History of agricultural extension in China
Agricultural extension in China can be dated back to Qin dynasty (221–207 BCE) and Han dynasty (220–202 BCE), when positions called “Farming Advisor” were created within central and local governments. These advisors were created to provide technical support to farmers through demonstration, training, and outreach. Agricultural extension developed quickly after the establishment of the People’s Republic of China in 1949, partly due to the rapid population increase after World War II and the civil war, low agricultural productivity, and natural disasters. The central government passed the Agricultural Technology Extension Act in 1953 (similar to the Smith–Lever Act of 1914 in the United States) to establish an agricultural extension system and form a network centered around technical information providers (Rong et al., 2012).
Law of the People’s Republic of China on the Popularization of Agricultural Technology (the law) set the legislative foundation for agricultural extension. It was passed at the second Session of the Eighth National People’s Congress on 2 July 1993, and was amended in accordance with the Decision on Amending the Law of the People’s Republic of China on the Popularization of Agricultural Technology passed at the 28th session of the Standing Committee of the Eleventh National People’s Congress of the People’s Republic of China on 31 Aug. 2012 (Xinhua News Agency, 2012).
The law was established with several objectives in mind: strengthen agricultural extension, promote technology transfer of agriculture research, strengthen the technological support system, promote agriculture and sustainable economic development of rural areas, and to achieve modernization of agriculture. “Popularization” in the title of the law refers to extension and outreach. “Agriculture technology” in the law refers to “research and technology that is applicable in crop production, forestry, animal husbandry, and fishery, including but not limited to, breeding, cultivation, fertility management, management of plant and animal diseases and insects, postharvest, packaging, storage and shipping of agricultural products, quality and safety of agricultural products, agricultural hydrology, soil improvement and natural resource conservation, agricultural mechanics, aerospace, meteorology and information technology in agriculture, disaster prevention and relief, ecosystem protection, and energy development and utilization in rural areas.” The law requires the central government to increase financial input in agricultural extension and local governments to set aside budgets for agricultural extension with an expectation of annual increases.

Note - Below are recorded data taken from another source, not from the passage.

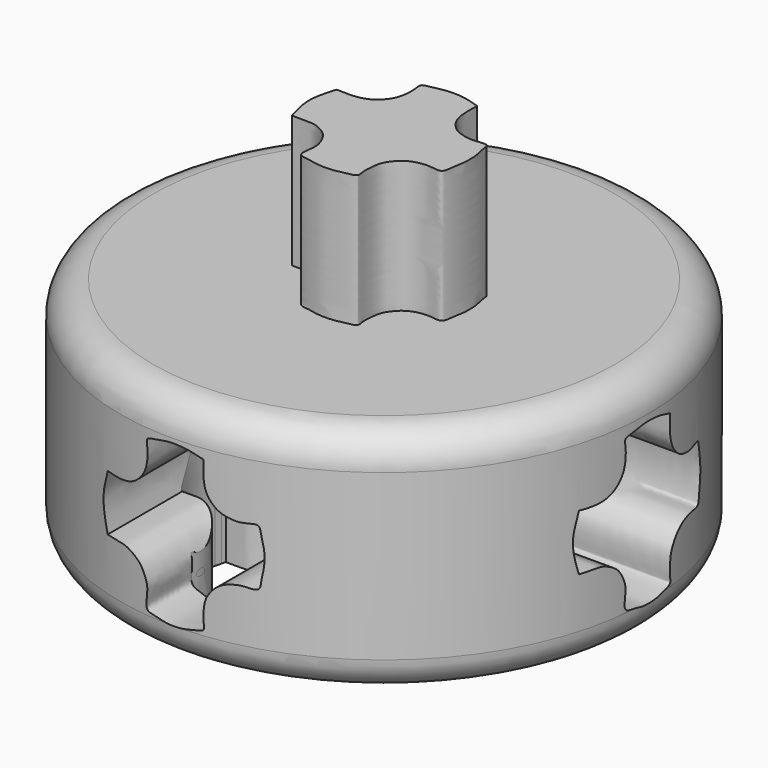
from build123d import *

# Parameters (mm, degrees)
F0_R          = 8
F1_DEPTH      = 7
F3_DEPTH      = 4
F5_DEPTH      = 25
F5_DEPTH_BACK = 25
F7_DEPTH      = 25
F7_DEPTH_BACK = 25
F9_DEPTH      = 5


# Not quite as in the source:
# - a fillet or chamfer that OpenCascade refuses, or shapes differently, is made with other operations: its cross-section is extruded or revolved along the edge and cut away or added


with BuildPart() as f1:
    # F0 (on Top) → F1 (new body)
    with BuildSketch(Plane.XY):
        Circle(F0_R)
    extrude(amount=F1_DEPTH)

    # F2 (on face) → F3 (join)
    with BuildSketch(Plane.XY.offset(7)):
        with BuildLine():
            add(Edge.make_bspline(
                [(-2.1453189292, -0.812403534), (-2.2291799027, -0.5147854162), (-2.3965988205, 0.0693154166), (-2.2270661408, 0.6183251281), (-2.1453189292, 0.8875972993)],
                knots=[0, 0, 0, 0, 0.5095712537, 1, 1, 1, 1], degree=3))
            add(Edge.make_bspline(
                [(-2.1453189292, -0.812403534), (-2.0462146869, -0.812546633), (-1.8562976232, -0.8128208589), (-1.5995258635, -0.8109702484), (-1.4107650431, -0.8271952097), (-1.0525308973, -0.9991228135), (-0.881515203, -1.2019496068), (-0.7462403154, -1.4790785152), (-0.6941521408, -1.7721486922), (-0.8264550317, -2.3060372512), (-0.4252380891, -2.3094553952), (-0.1641394597, -2.39328354), (0.171847139, -2.4065584213), (0.4619958492, -2.3819187352), (0.7053356837, -2.3086277115), (1.0355815173, -2.2738283861), (0.9578656682, -2.0264843097), (0.972329852, -1.7262282264), (1.0043166569, -1.4743095735), (1.0802938039, -1.2844806936), (1.2606264856, -1.0560642251), (1.4022161443, -0.9536037149), (1.5820445887, -0.8553488053), (1.8405387734, -0.8091796541), (2.0652910938, -0.7963302445), (2.4574534093, -0.8884051228), (2.4647792182, -0.5364288415), (2.5502262108, -0.2130675085), (2.5516869242, 0.0734966508), (2.5466202723, 0.3368604343), (2.4464405951, 0.6869113476), (2.4458836528, 0.9477445076), (2.0587086229, 0.8750622393), (1.8110087922, 0.8774528734), (1.460553932, 0.9794284484), (1.2720689076, 1.1213458505), (1.039296652, 1.3914645052), (0.9576696828, 1.8177575628), (0.969636174, 2.1409695187), (0.9758471819, 2.3087272993)],
                knots=[0, 0, 0, 0, 0.0273605905, 0.0524320947, 0.0745076412, 0.1056108167, 0.1318649214, 0.158948127, 0.1874687016, 0.220995097, 0.2482860623, 0.2755720453, 0.3045111481, 0.3315301836, 0.3578655515, 0.3837385363, 0.4059679792, 0.434252013, 0.4594532962, 0.4822711791, 0.5090972104, 0.530231005, 0.5527300135, 0.5781274322, 0.6031996615, 0.6315546276, 0.6576667534, 0.6876672756, 0.714256594, 0.7402463844, 0.7710533559, 0.7932728015, 0.8216277676, 0.8482190477, 0.8777914221, 0.9023565188, 0.9315770045, 0.9644861842, 1, 1, 1, 1], degree=3))
            add(Edge.make_bspline(
                [(-2.1453189292, 0.8875972993), (-1.9521964497, 0.8780475085), (-1.5848074134, 0.8603693676), (-1.1304602567, 0.9960226139), (-0.8202192306, 1.3400161654), (-0.7149185223, 1.6828007485), (-0.70557119, 2.0923268409), (-0.7793227574, 2.3463238004), (-0.4576002352, 2.3842425435), (-0.1008664347, 2.4800264396), (0.2451665152, 2.4783343449), (0.5684540927, 2.4417658867), (0.8334725478, 2.3546593956), (0.9758471819, 2.3087272993)],
                knots=[0, 0, 0, 0, 0.1117445823, 0.2125923647, 0.3107430927, 0.4000660841, 0.4960442665, 0.5626441507, 0.6379036869, 0.7311412958, 0.8178947498, 0.9022950941, 1, 1, 1, 1], degree=3))
        make_face()
    extrude(amount=F3_DEPTH)

    # F4 (on Right) → F5 (cut, two sides)
    with BuildSketch(Plane.YZ) as f5_sk:
        with BuildLine():
            add(Edge.make_bspline(
                [(-2.2211652576, 2.5211653882), (-2.3050262311, 2.8187835061), (-2.4724451489, 3.4028843389), (-2.3029124692, 3.9518940503), (-2.2211652576, 4.2211662216)],
                knots=[0, 0, 0, 0, 0.5095712537, 1, 1, 1, 1], degree=3))
            add(Edge.make_bspline(
                [(-2.2211652576, 2.5211653882), (-2.1220610153, 2.5210222892), (-1.9321439516, 2.5207480634), (-1.6753721919, 2.5225986738), (-1.4866113715, 2.5063737125), (-1.1283772257, 2.3344461087), (-0.9573615314, 2.1316193155), (-0.8220866438, 1.854490407), (-0.7699984692, 1.56142023), (-0.9023013601, 1.0275316711), (-0.5010844175, 1.024113527), (-0.2399857881, 0.9402853822), (0.0960008106, 0.927010501), (0.3861495208, 0.951650187), (0.6294893553, 1.0249412107), (0.9597351889, 1.0597405361), (0.8820193398, 1.3070846125), (0.8964835236, 1.6073406958), (0.9284703285, 1.8592593487), (1.0044474755, 2.0490882286), (1.1847801572, 2.2775046971), (1.3263698159, 2.3799652073), (1.5061982603, 2.478220117), (1.764692445, 2.5243892682), (1.9894447654, 2.5372386778), (2.3816070809, 2.4451637994), (2.3889328898, 2.7971400808), (2.4743798824, 3.1205014137), (2.4758405958, 3.4070655731), (2.4707739439, 3.6704293566), (2.3705942667, 4.0204802698), (2.3700373244, 4.2813134299), (1.9828622945, 4.2086311615), (1.7351624638, 4.2110217957), (1.3847076036, 4.3129973707), (1.1962225792, 4.4549147728), (0.9634503236, 4.7250334274), (0.8818233544, 5.1513264851), (0.8937898456, 5.4745384409), (0.9000008535, 5.6422962216)],
                knots=[0, 0, 0, 0, 0.0273605905, 0.0524320947, 0.0745076412, 0.1056108167, 0.1318649214, 0.158948127, 0.1874687016, 0.220995097, 0.2482860623, 0.2755720453, 0.3045111481, 0.3315301836, 0.3578655515, 0.3837385363, 0.4059679792, 0.434252013, 0.4594532962, 0.4822711791, 0.5090972104, 0.530231005, 0.5527300135, 0.5781274322, 0.6031996615, 0.6315546276, 0.6576667534, 0.6876672756, 0.714256594, 0.7402463844, 0.7710533559, 0.7932728015, 0.8216277676, 0.8482190477, 0.8777914221, 0.9023565188, 0.9315770045, 0.9644861842, 1, 1, 1, 1], degree=3))
            add(Edge.make_bspline(
                [(-2.2211652576, 4.2211662216), (-2.0280427781, 4.2116164307), (-1.6606537418, 4.1939382898), (-1.2063065851, 4.3295915362), (-0.896065559, 4.6735850876), (-0.7907648507, 5.0163696708), (-0.7814175184, 5.4258957632), (-0.8551690858, 5.6798927226), (-0.5334465636, 5.7178114657), (-0.1767127631, 5.8135953618), (0.1693201868, 5.8119032671), (0.4926077643, 5.775334809), (0.7576262194, 5.6882283179), (0.9000008535, 5.6422962216)],
                knots=[0, 0, 0, 0, 0.1117445823, 0.2125923647, 0.3107430927, 0.4000660841, 0.4960442665, 0.5626441507, 0.6379036869, 0.7311412958, 0.8178947498, 0.9022950941, 1, 1, 1, 1], degree=3))
        make_face()
    extrude(amount=-F5_DEPTH, mode=Mode.SUBTRACT)
    extrude(f5_sk.sketch, amount=F5_DEPTH_BACK, mode=Mode.SUBTRACT)

    # F6 (on Front) → F7 (cut, two sides)
    with BuildSketch(Plane.XZ) as f7_sk:
        with BuildLine():
            add(Edge.make_bspline(
                [(-2.2311653919, 2.5852779835), (-2.3150263655, 2.8828961014), (-2.4824452833, 3.4669969342), (-2.3129126036, 4.0160066456), (-2.2311653919, 4.2852788168)],
                knots=[0, 0, 0, 0, 0.5095712537, 1, 1, 1, 1], degree=3))
            add(Edge.make_bspline(
                [(-2.2311653919, 2.5852779835), (-2.1320611497, 2.5851348845), (-1.942144086, 2.5848606586), (-1.6853723262, 2.5867112691), (-1.4966115058, 2.5704863078), (-1.13837736, 2.398558704), (-0.9673616658, 2.1957319107), (-0.8320867781, 1.9186030023), (-0.7799986035, 1.6255328253), (-0.9123014945, 1.0916442664), (-0.5110845519, 1.0882261223), (-0.2499859225, 1.0043979775), (0.0860006762, 0.9911230963), (0.3761493864, 1.0157627823), (0.619489221, 1.089053806), (0.9497350545, 1.1238531314), (0.8720192055, 1.3711972078), (0.8864833893, 1.6714532911), (0.9184701942, 1.923371944), (0.9944473412, 2.1132008239), (1.1747800229, 2.3416172924), (1.3163696815, 2.4440778026), (1.496198126, 2.5423327122), (1.7546923106, 2.5885018635), (1.979444631, 2.6013512731), (2.3716069465, 2.5092763947), (2.3789327554, 2.8612526761), (2.464379748, 3.184614009), (2.4658404614, 3.4711781683), (2.4607738096, 3.7345419519), (2.3605941323, 4.0845928651), (2.3600371901, 4.3454260251), (1.9728621602, 4.2727437568), (1.7251623295, 4.275134391), (1.3747074692, 4.377109966), (1.1862224448, 4.5190273681), (0.9534501893, 4.7891460227), (0.8718232201, 5.2154390804), (0.8837897113, 5.5386510362), (0.8900007192, 5.7064088168)],
                knots=[0, 0, 0, 0, 0.0273605905, 0.0524320947, 0.0745076412, 0.1056108167, 0.1318649214, 0.158948127, 0.1874687016, 0.220995097, 0.2482860623, 0.2755720453, 0.3045111481, 0.3315301836, 0.3578655515, 0.3837385363, 0.4059679792, 0.434252013, 0.4594532962, 0.4822711791, 0.5090972104, 0.530231005, 0.5527300135, 0.5781274322, 0.6031996615, 0.6315546276, 0.6576667534, 0.6876672756, 0.714256594, 0.7402463844, 0.7710533559, 0.7932728015, 0.8216277676, 0.8482190477, 0.8777914221, 0.9023565188, 0.9315770045, 0.9644861842, 1, 1, 1, 1], degree=3))
            add(Edge.make_bspline(
                [(-2.2311653919, 4.2852788168), (-2.0380429125, 4.275729026), (-1.6706538762, 4.2580508851), (-1.2163067194, 4.3937041315), (-0.9060656934, 4.7376976829), (-0.8007649851, 5.080482266), (-0.7914176528, 5.4900083584), (-0.8651692201, 5.7440053179), (-0.5434466979, 5.781924061), (-0.1867128974, 5.8777079571), (0.1593200525, 5.8760158624), (0.4826076299, 5.8394474043), (0.7476260851, 5.7523409132), (0.8900007192, 5.7064088168)],
                knots=[0, 0, 0, 0, 0.1117445823, 0.2125923647, 0.3107430927, 0.4000660841, 0.4960442665, 0.5626441507, 0.6379036869, 0.7311412958, 0.8178947498, 0.9022950941, 1, 1, 1, 1], degree=3))
        make_face()
    extrude(amount=-F7_DEPTH, mode=Mode.SUBTRACT)
    extrude(f7_sk.sketch, amount=F7_DEPTH_BACK, mode=Mode.SUBTRACT)

    # F8 (on face) → F9 (cut)
    with BuildSketch(Plane(origin=(0, 0, 0), x_dir=(1, 0, 0), z_dir=(0, 0, -1))):
        with BuildLine():
            add(Edge.make_bspline(
                [(-2.2586211533, 3.1688635354), (-2.2701252671, 3.209691021), (-2.2816567817, 3.2505189386), (-2.2929844467, 3.2913235385)],
                knots=[0, 0, 0, 0, 0.0701518979, 0.0701518979, 0.0701518979, 0.0701518979], degree=3))
            add(Edge.make_bspline(
                [(-2.2586211533, 3.1688635354), (-2.2562431907, 3.1688601018), (-2.2538652281, 3.1688566682), (-2.2514873005, 3.1688532406)],
                knots=[0, 0, 0, 0, 0.0006588393, 0.0006588393, 0.0006588393, 0.0006588393], degree=3))
            ThreePointArc((-2.2514873005, 3.1688532406), (-2.2730608458, 3.2298088606), (-2.2929844467, 3.2913235385))
        make_face()
        with BuildLine():
            add(Edge.make_bspline(
                [(-2.2929844467, 3.2913235385), (-2.3099970518, 3.3526064717), (-2.3265498551, 3.4138368097), (-2.3418594746, 3.4749340982)],
                knots=[0.0701518979, 0.0701518979, 0.0701518979, 0.0701518979, 0.1755104625, 0.1755104625, 0.1755104625, 0.1755104625], degree=3))
            ThreePointArc((-2.2929844467, 3.2913235385), (-2.2730608458, 3.2298088606), (-2.2514873005, 3.1688532406))
            add(Edge.make_bspline(
                [(-2.2514873005, 3.1688532406), (-2.1551135176, 3.1687143242), (-1.9683612368, 3.1684639951), (-1.7147615805, 3.1702917435), (-1.5266694526, 3.1541242598), (-1.169704365, 2.9828057161), (-0.9992945004, 2.7806974445), (-0.8644988292, 2.5045502759), (-0.812595179, 2.2125183113), (-0.9041566506, 1.8430356659), (-0.8424904081, 1.7527327902)],
                knots=[0.0006588393, 0.0006588393, 0.0006588393, 0.0006588393, 0.0273605905, 0.0524320947, 0.0745076412, 0.1056108167, 0.1318649214, 0.158948127, 0.1874687016, 0.220995097, 0.220995097, 0.220995097, 0.220995097], degree=3))
            ThreePointArc((-0.8424904081, 1.7527327902), (-0.6840526351, 1.699549611), (-0.5222978031, 1.6575216106))
            add(Edge.make_bspline(
                [(-0.5222978031, 1.6575216106), (-0.4918814529, 1.6522432351), (-0.4628724934, 1.6460520009), (-0.4343789789, 1.6396367011)],
                knots=[0.2520084037, 0.2520084037, 0.2520084037, 0.2520084037, 0.2603328893, 0.2603328893, 0.2603328893, 0.2603328893], degree=3))
            ThreePointArc((-0.4343789789, 1.6396367011), (-0.2180918186, 1.6099297168), (0, 1.6))
            ThreePointArc((0, 1.6), (0.434569746, 1.6396718161), (0.8547726828, 1.7573757201))
            add(Edge.make_bspline(
                [(0.8547726828, 1.7573757201), (0.8832221623, 1.8011123631), (0.8337179729, 1.9621493035), (0.8479832374, 2.258276102), (0.8798567277, 2.5093023235), (0.9555647228, 2.6984587273), (1.135258569, 2.9260660217), (1.2763466409, 3.0281635615), (1.4555380362, 3.1260703994), (1.7131164952, 3.1720759946), (1.9298250014, 3.1844655279), (2.1747453657, 3.1289762239), (2.2475946375, 3.1583834926)],
                knots=[0.3845143326, 0.3845143326, 0.3845143326, 0.3845143326, 0.4059679792, 0.434252013, 0.4594532962, 0.4822711791, 0.5090972104, 0.530231005, 0.5527300135, 0.5781274322, 0.6031996615, 0.6290037222, 0.6290037222, 0.6290037222, 0.6290037222], degree=3))
            ThreePointArc((2.2475946375, 3.1583834926), (2.3615913205, 3.5723477639), (2.4, 4))
            ThreePointArc((2.4, 4), (2.3582082582, 4.4459302759), (2.2342884908, 4.8763303827))
            add(Edge.make_bspline(
                [(2.2342884908, 4.8763303827), (2.1630905773, 4.894204301), (1.918004699, 4.8504721227), (1.6836911252, 4.8527335616), (1.3344777647, 4.9543478842), (1.1466604558, 5.0957625385), (0.9147128049, 5.3649242874), (0.8354150914, 5.7790529149), (0.844533801, 6.088749941), (0.8502137988, 6.2443565885)],
                knots=[0.7975561416, 0.7975561416, 0.7975561416, 0.7975561416, 0.8216277676, 0.8482190477, 0.8777914221, 0.9023565188, 0.9315770045, 0.9644861842, 0.997550937, 0.997550937, 0.997550937, 0.997550937], degree=3))
            ThreePointArc((0.8502137988, 6.2443565885), (-0.0038910602, 6.3999968458), (-0.8574867585, 6.2415879325))
            add(Edge.make_bspline(
                [(-2.2398879858, 4.86191752), (-2.0537108529, 4.8527572001), (-1.69481224, 4.8372879156), (-1.2473576566, 4.9708832643), (-0.9382156713, 5.3136582053), (-0.8332879949, 5.6552284609), (-0.8245936584, 6.0361454442), (-0.8644471392, 6.1996715363), (-0.8574867585, 6.2415879325)],
                knots=[0.0036260858, 0.0036260858, 0.0036260858, 0.0036260858, 0.1117445823, 0.2125923647, 0.3107430927, 0.4000660841, 0.4960442665, 0.5458795587, 0.5458795587, 0.5458795587, 0.5458795587], degree=3))
            ThreePointArc((-2.2398879858, 4.86191752), (-2.3935398891, 4.1759738597), (-2.3418594746, 3.4749340982))
        make_face()
        with BuildLine():
            add(Edge.make_bspline(
                [(-2.3418594746, 3.4749340982), (-2.3904017419, 3.668655497), (-2.4793615243, 4.143474563), (-2.3400787723, 4.5945237862), (-2.2586211533, 4.8628420505)],
                knots=[0.1755104625, 0.1755104625, 0.1755104625, 0.1755104625, 0.5095712537, 1, 1, 1, 1], degree=3))
            ThreePointArc((-2.3418594746, 3.4749340982), (-2.3935398891, 4.1759738597), (-2.2398879858, 4.86191752))
            add(Edge.make_bspline(
                [(-2.2586211533, 4.8628420505), (-2.252376574, 4.8625332598), (-2.2461320076, 4.8622247394), (-2.2398879858, 4.86191752)],
                knots=[0, 0, 0, 0, 0.0036260858, 0.0036260858, 0.0036260858, 0.0036260858], degree=3))
        make_face()
        with BuildLine():
            ThreePointArc((0, -1.6), (-0.4359982581, -1.6399352723), (-0.8574867585, -1.7584120675))
            add(Edge.make_bspline(
                [(-2.2398879858, -3.13808248), (-2.0537108529, -3.1472427999), (-1.69481224, -3.1627120844), (-1.2473576566, -3.0291167357), (-0.9382156713, -2.6863417947), (-0.8332879949, -2.3447715391), (-0.8245936584, -1.9638545558), (-0.8644471392, -1.8003284637), (-0.8574867585, -1.7584120675)],
                knots=[0.0036260858, 0.0036260858, 0.0036260858, 0.0036260858, 0.1117445823, 0.2125923647, 0.3107430927, 0.4000660841, 0.4960442665, 0.5458795587, 0.5458795587, 0.5458795587, 0.5458795587], degree=3))
            ThreePointArc((-2.2398879858, -3.13808248), (-2.3935398891, -3.8240261403), (-2.3418594746, -4.5250659018))
            add(Edge.make_bspline(
                [(-2.2929844467, -4.7086764615), (-2.3099970518, -4.6473935283), (-2.3265498551, -4.5861631903), (-2.3418594746, -4.5250659018)],
                knots=[0.0701518979, 0.0701518979, 0.0701518979, 0.0701518979, 0.1755104625, 0.1755104625, 0.1755104625, 0.1755104625], degree=3))
            ThreePointArc((-2.2929844467, -4.7086764615), (-2.2730608458, -4.7701911395), (-2.2514873004, -4.8311467596))
            add(Edge.make_bspline(
                [(-2.2514873004, -4.8311467596), (-2.154198981, -4.8312870011), (-1.9688017614, -4.8315355561), (-1.7146679445, -4.8297083917), (-1.5267043969, -4.8458756898), (-1.1696955195, -5.0171942966), (-0.9992967723, -5.2193025522), (-0.8644981791, -5.495449725), (-0.8125953933, -5.7874816884), (-0.9041566822, -6.1569643341), (-0.8424904081, -6.2472672098)],
                knots=[0.0006591099, 0.0006591099, 0.0006591099, 0.0006591099, 0.0276362791, 0.0529604067, 0.0752583889, 0.1066749637, 0.1331936079, 0.1605497071, 0.1893576584, 0.2232218696, 0.2232218696, 0.2232218696, 0.2232218696], degree=3))
            ThreePointArc((-0.8424904081, -6.2472672098), (-0.6840526309, -6.3004503903), (-0.5222977947, -6.3424783913))
            add(Edge.make_bspline(
                [(-0.5222977947, -6.3424783913), (-0.4918814561, -6.3477567653), (-0.4628725064, -6.3539479973), (-0.4343790009, -6.3603632948)],
                knots=[0.2545476711, 0.2545476711, 0.2545476711, 0.2545476711, 0.2629560324, 0.2629560324, 0.2629560324, 0.2629560324], degree=3))
            ThreePointArc((-0.4343790009, -6.3603632948), (0.2182849751, -6.39005265), (0.8547726807, -6.2426242807))
            add(Edge.make_bspline(
                [(0.8547726807, -6.2426242807), (0.8832221792, -6.1988875939), (0.833718054, -6.0378504384), (0.8479828333, -5.7417251971), (0.8798579926, -5.4906936097), (0.9555601718, -5.3015559049), (1.1352771289, -5.0738743051), (1.2762923281, -4.9720110634), (1.4557690746, -4.873186772), (1.7121367526, -4.8310740481), (1.9332755681, -4.803873392), (2.1660968314, -4.896737202), (2.2448890949, -4.848806781)],
                knots=[0.3883887435, 0.3883887435, 0.3883887435, 0.3883887435, 0.4100585604, 0.4386275875, 0.4640828018, 0.4871306004, 0.5142269339, 0.5355736752, 0.5582993863, 0.5839527124, 0.6092775725, 0.6352778184, 0.6352778184, 0.6352778184, 0.6352778184], degree=3))
            ThreePointArc((2.2448890949, -4.848806781), (2.2910988522, -4.7147489414), (2.3293109061, -4.5781960764))
            add(Edge.make_bspline(
                [(2.3293109061, -4.5781960764), (2.318320841, -4.5478681347), (2.3650244047, -4.3109120088), (2.397358483, -4.1125713275)],
                knots=[0.6723774853, 0.6723774853, 0.6723774853, 0.6723774853, 0.7023456049, 0.7023456049, 0.7023456049, 0.7023456049], degree=3))
            ThreePointArc((2.397358483, -4.1125713275), (2.3993395299, -4.0563011576), (2.4, -4))
            ThreePointArc((2.4, -4), (2.3582499283, -3.5542901441), (2.2344522703, -3.1240873036))
            add(Edge.make_bspline(
                [(2.2344522703, -3.1240873036), (2.1631307294, -3.1065494653), (1.9182298235, -3.1491156388), (1.6836489231, -3.1473942735), (1.3344869446, -3.0456331454), (1.1466588745, -2.9042117851), (0.9147076065, -2.6352385745), (0.8354228453, -2.2201500831), (0.8444835984, -1.9125641254), (0.8502136413, -1.7556433518)],
                knots=[0.7954847882, 0.7954847882, 0.7954847882, 0.7954847882, 0.8198304679, 0.8466896849, 0.8765600341, 0.9013726516, 0.9308875663, 0.9641283428, 0.9975481171, 0.9975481171, 0.9975481171, 0.9975481171], degree=3))
            ThreePointArc((0.8502136413, -1.7556433518), (0.4321712881, -1.6392314858), (0, -1.6))
        make_face()
    extrude(amount=-F9_DEPTH, mode=Mode.SUBTRACT)

    # F10: fillet of radius 1 on 2 edges, made by hand

    # F10_s1 → F10_t2 (revolve, cut)
    with BuildSketch(Plane.XZ):
        with BuildLine():
            ThreePointArc((8, 1), (7.7071067812, 0.2928932188), (7, 0))
            Line((7, 0), (8, 0))
            Line((8, 0), (8, 1))
        make_face()
    revolve(axis=Axis((0, 0, 0), (0, 0, 1)), mode=Mode.SUBTRACT)

    # F10_s3 → F10_t4 (revolve, cut)
    with BuildSketch(Plane.XZ):
        with BuildLine():
            ThreePointArc((8, 6), (7.7071067812, 6.7071067812), (7, 7))
            Line((7, 7), (8, 7))
            Line((8, 7), (8, 6))
        make_face()
    revolve(axis=Axis((0, 0, 7), (0, 0, 1)), mode=Mode.SUBTRACT)


solid = f1.part

Previous (traditional) agricultural extension, in a narrow sense, aimed at only increasing agricultural productivity through adopting production technology, while current agricultural extension expands to more diverse topics such as financial stability of rural areas and environmental protection. For example, nutritional values of crops and financial feasibility have not been a focus for traditional extension, but would be under the current extension systems.
Five levels of agricultural extension systems
There are five levels of agricultural extension in China: national, provincial, county, municipal, and township levels (Wang, 2011). The majority of agricultural extension is associated with the China Ministry of Agriculture [with an emphasis on food and fibers; the counterpart of U.S. Department of Agriculture (USDA) in China]. In addition, there are agricultural extension components within the State Forestry Administration (with an emphasis on forestry-related crops including woody ornamental crops; the counterpart of U.S. Forest Service in China), Ministry of Education, Ministry of Science and Technology, the National Agriculture Leadership Working Group (consisting of leaders from ministries or similar agencies associated with different aspects of rural areas), and the National Development and Reform Commission, which all have respective counterparts at various local levels too (Fig. 1). These agencies at the central government (national) level provide resource and program support to the provincial agencies.
At the central government level, the China Academy of Agricultural Sciences is administered by the Ministry of Agriculture, and the China Academy of Forestry Sciences by the State Forestry Administration. The two academies are similar to USDA Agricultural Research Service in Washington, DC, metropolitan area, focusing on research on food and fiber, and forestry-related crops (including woody ornamental crops), respectively, and have both increased integration of extension outreach in their projects and programming in recent years. Institutes of New Rural Development are coestablished and coadministered by the Ministry of Education and the Ministry of Science and Technology, and often housed within universities administered by either the Ministry of Education or the provincial government.
Under the administration of a provincial government, agencies involved with agricultural extension include the Department of Agriculture, the Department of Forestry, the Department of Science and Technology, the Department of Education, the provincial Agriculture Leadership Working Group, and the provincial Development and Reform Commission. All these provincial agencies provide resource and program support to farmers and agriculture enterprises (stakeholders) directly, and to Institutes of New Rural Development housed in provincial universities, which conduct technology transfer to stakeholders directly. In addition, there is a provincial Academy of Agricultural Sciences, and a provincial Academy of Forestry Sciences. Provincial universities alone or with collaboration from agriculture enterprises can apply for integrated research and extension grants from both national and provincial agencies. Normally, the provincial Academies of Agricultural Sciences and Academies of Forestry Sciences apply for grants available from provincial agencies and their national counterparts. However, the Ministry of Agriculture does not fund proposals from provincial Academies of Forestry Sciences, and the State Forestry Administration does not fund proposals from provincial Academies of Agricultural Sciences, as agriculture and forestry are two separate systems.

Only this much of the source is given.